These are only a few examples of the 150 black-and-white snapshots of New York City street life in the 1930s and ’40s that appear in the new book “Walkers in the City: Jewish Street Photographers of Midcentury New York” by historian and scholar Deborah Dash Moore. The photos are the work of the New York Photo League, a group of socially conscious street photographers whose aim was to showcase the living conditions of the city’s working class, as well as spotlight their everyday lives and relationships. 

New York, ca. 1940. (Helen Levitt)

The Photo League operated in New York from 1936 until 1951; the cooperative of like-minded photographers ceased to exist after it was placed on a Department of Justice blacklist in 1947 on the suspicions that it had anti-American, communist associations. Most of the photographers in the league were left-wing and working class. Many of them were also Jewish — immigrants or the children of immigrants from Russia and Eastern Europe. 

Members of the Photo League included well-known Jewish photographers like Sol Libsohn, Sid Grossman, Morris Engel, Harold Feinstein, Helen Levitt, Weegee (born Usher Felig) and a young Marvin E. Newman (who died this month at age 95). “Touched by left-wing radicalism that flourished among second-generation Jews in the 1930s, these photographers considered photography a social and political tool,” Dash Moore writes in the book’s prologue. “It could influence how people interpreted their conditions.”
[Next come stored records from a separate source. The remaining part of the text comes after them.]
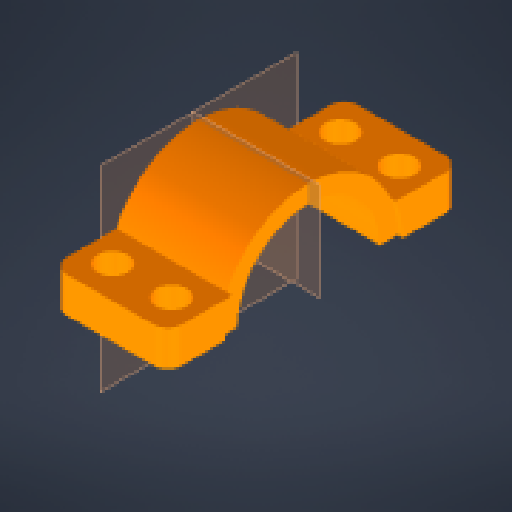
# Autodesk Inventor part: cup
Saved by Autodesk Inventor 2024 (Build 280153000, 153)
## iProperties
Created: 2023-05-16
Part Number: cup
Material: Типовые
Document SubType Name: Modeling
Designer: user
Density: 1 g/cm^3
Appearance: По умолчанию
Author: user
Autodesk Inventor part; units mm, degrees
ref_plane "YZ Plane" through (0, 0, 0) normal (1, 0, 0) x (0, 1, 0)
ref_plane "XZ Plane" through (0, 0, 0) normal (0, 1, 0) x (-1, 0, 0)
ref_plane "XY Plane" through (0, 0, 0) normal (0, 0, 1) x (1, 0, 0)
sketch "Эскиз1" plane through (0, 0, 0) normal (1, 0, 0) x (0, 1, 0)
  line L0 (33, 0) -> (33, -5) projected
  circle A0 centre (12.5, 0) radius 12.5 construction
  arc A1 (1.0436, 5) -> (0, 0) centre (12.5, 0) ccw
  line L1 (0, 0) -> (-8, 0)
  line L2 (-8, 0) -> (-8, 5)
  line L3 (-8, 5) -> (1.0436, 5)
  line L4 (-8, -5) -> (-8, 0) projected
  constraints: 6 end point, 3 point on circle, 2 perpendicular, 1 centre point, 1 collinear, 1 concentric, 1 horizontal
ref_plane "РабПлоскость1" through (16.25, -6, -5) normal (1, 0, 0) x (0, 1, 0)
extrude "Выдавливание1" add sketch "Эскиз1" along normal up to surface (16.25 mm away)
fillet "Сопряжение1" radius 2 2 edges at (0, -8, 2.5) (16.25, -8, 2.5)
sketch "Эскиз2" plane through (16.25, 0, 0) normal (0, 0, -1) x (-1, 0, 0)
  circle A0 centre (12.25, -3.4782) radius 2.15 projected
  circle A1 centre (4, -3.4782) radius 2.15 projected
  point P0 (16.25, 0)
extrude "Выдавливание2" cut sketch "Эскиз2" against normal blind 10
ref_plane "РабПлоскость2" through (0, 12.5, 0) normal (1, 0, 0) x (0, -1, 0)
sketch "Эскиз3" plane through (0, 12.5, 0) normal (1, 0, 0) x (0, -1, 0)
  arc A0 (-12.5, 0) -> (12.5, 0) centre (0, 0) ccw
  circle A1 centre (0, 0) radius 12.5 projected
  circle A2 centre (0, 0) radius 10 projected
  line L0 (-12.5, 0) -> (-10, 0)
  line L1 (12.5, 0) -> (10, 0)
  constraints: 5 point on circle, 4 end point, 1 centre point, 1 coincident, 1 concentric, 1 horizontal, 1 horizontal alignment, 1 point on line
ref_plane "РабПлоскость3" through (15.5, 0, 0) normal (-1, 0, 0) x (0, 0, 1)
extrude "Выдавливание3" add sketch "Эскиз3" along normal up to surface (15.5 mm away) contours L0 A2 L1 A0
ref_plane "РабПлоскость6" through (0, 12.5, 10) normal (0, -1, 0) x (1, 0, 0)
mirror "Зеркальное отражение1" about plane through (0, 12.5, 10) normal (0, -1, 0) of "Выдавливание3", "Выдавливание2", "Сопряжение1", "Выдавливание1"
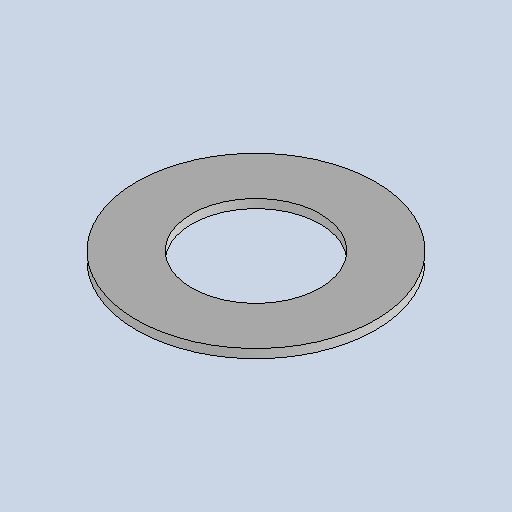
# Autodesk Inventor part: PNS 1792 FDS free flange DN50
Saved by Autodesk Inventor 2025.1 (Build 291241020, 241B)
## iProperties
Created: 2025-02-13
Part Number: PNS 1792 FDS free flange DN50
Material: Steel
Document SubType Name: Sheet Metal
Designer: user
Mass: 204.69 g
Surface Area: 151.236 cm^2
Volume: 26.0752 cm^3
Density: 7.85 g/cm^3
Flat Pattern Width: 10.8 cm
Flat Pattern Length: 10.8 cm
Flat Pattern Area: 116.64 cm^2
Sheet Metal Rule: AISI304 4mm Die 32
Sheet Metal Width: 108.000 mm
Sheet Metal Length: 108.000 mm
Sheet Metal Area: 11664.000 mm^2
Appearance: Default
Author: pokla
Autodesk Inventor part; units mm, degrees
ref_plane "YZ Plane" through (0, 0, 0) normal (1, 0, 0) x (0, 1, 0)
ref_plane "XZ Plane" through (0, 0, 0) normal (0, 1, 0) x (-1, 0, 0)
ref_plane "XY Plane" through (0, 0, 0) normal (0, 0, 1) x (1, 0, 0)
sketch "Sketch2" plane through (0, 0, 0) normal (0, 0, 1) x (1, 0, 0)
  circle A0 centre (0, 0) radius 29
  circle A1 centre (0, 0) radius 54
  dimension "d25" = 58
  dimension "d27" = 108
  measures "d25" diameter of A0
  measures "d27" diameter of A1
extrude "Plate2" add sketch "Sketch2" along normal blind 4
equation "\"d14\" = Thickness"
equation "\"BendReliefWidth\" = Thickness"
equation "\"BendReliefDepth\" = 0.5 * Thickness"
equation "\"CornerReliefSize\" = 4 * Thickness"
equation "\"MinimumRemnant\" = 2 * Thickness"
equation "\"TransitionRadius\" = BendRadius"
equation "\"JacobiRadiusSize\" = BendRadius"
equation "\"GapSize\" = Thickness"
equation "\"Thickness\" = 4"
equation "\"BendRadius\" = 6"
body "Solid3"

In “Walkers in the City,” Dash Moore explores how these photographers’ Jewish sensibilities allowed them to capture both intimate and hectic moments of New Yorkers’ everyday lives. “A focus on their fellow New Yorkers affirmed the capability of photography to help them grasp their world,” Dash Moore writes. “And with understanding came the potential power to change society.”

The New York Jewish Week caught up with Dash Moore via Zoom from Ann Arbor, Michigan, where the New York City native is a professor of history and Judaic studies at the University of Michigan. We spoke about the genesis of the book, her favorite images from the collection and how the photographers’ Judaism had impacted their work.

This interview has been lightly edited for length and clarity.

Historian Deborah Dash Moore is the author and editor of several books, including “GI Jews: How World War II Changed a Generation” and “City of Promises: A History of the Jews of New York.” Her most recent book is “Walkers in the City: Jewish Street Photographers of Midcentury New York.” (Courtesy)

What drew you to this subject of documentary photography and the New York Photo League?

I co-authored a book — that was not a Jewish book — on New York that came out in 2001. It was called “Cityscapes: A History of New York in Images.” I could have used prints — my co-author, who had the earlier half of the book, used a lot of print sources and stuff like that — but I was intrigued with the photographs. However, we had no money — we had like $25 for permission to publish a photo. So we wrote this very nice letter to all these different photographers, and a bunch of them said, “You must be kidding,” and “no.” 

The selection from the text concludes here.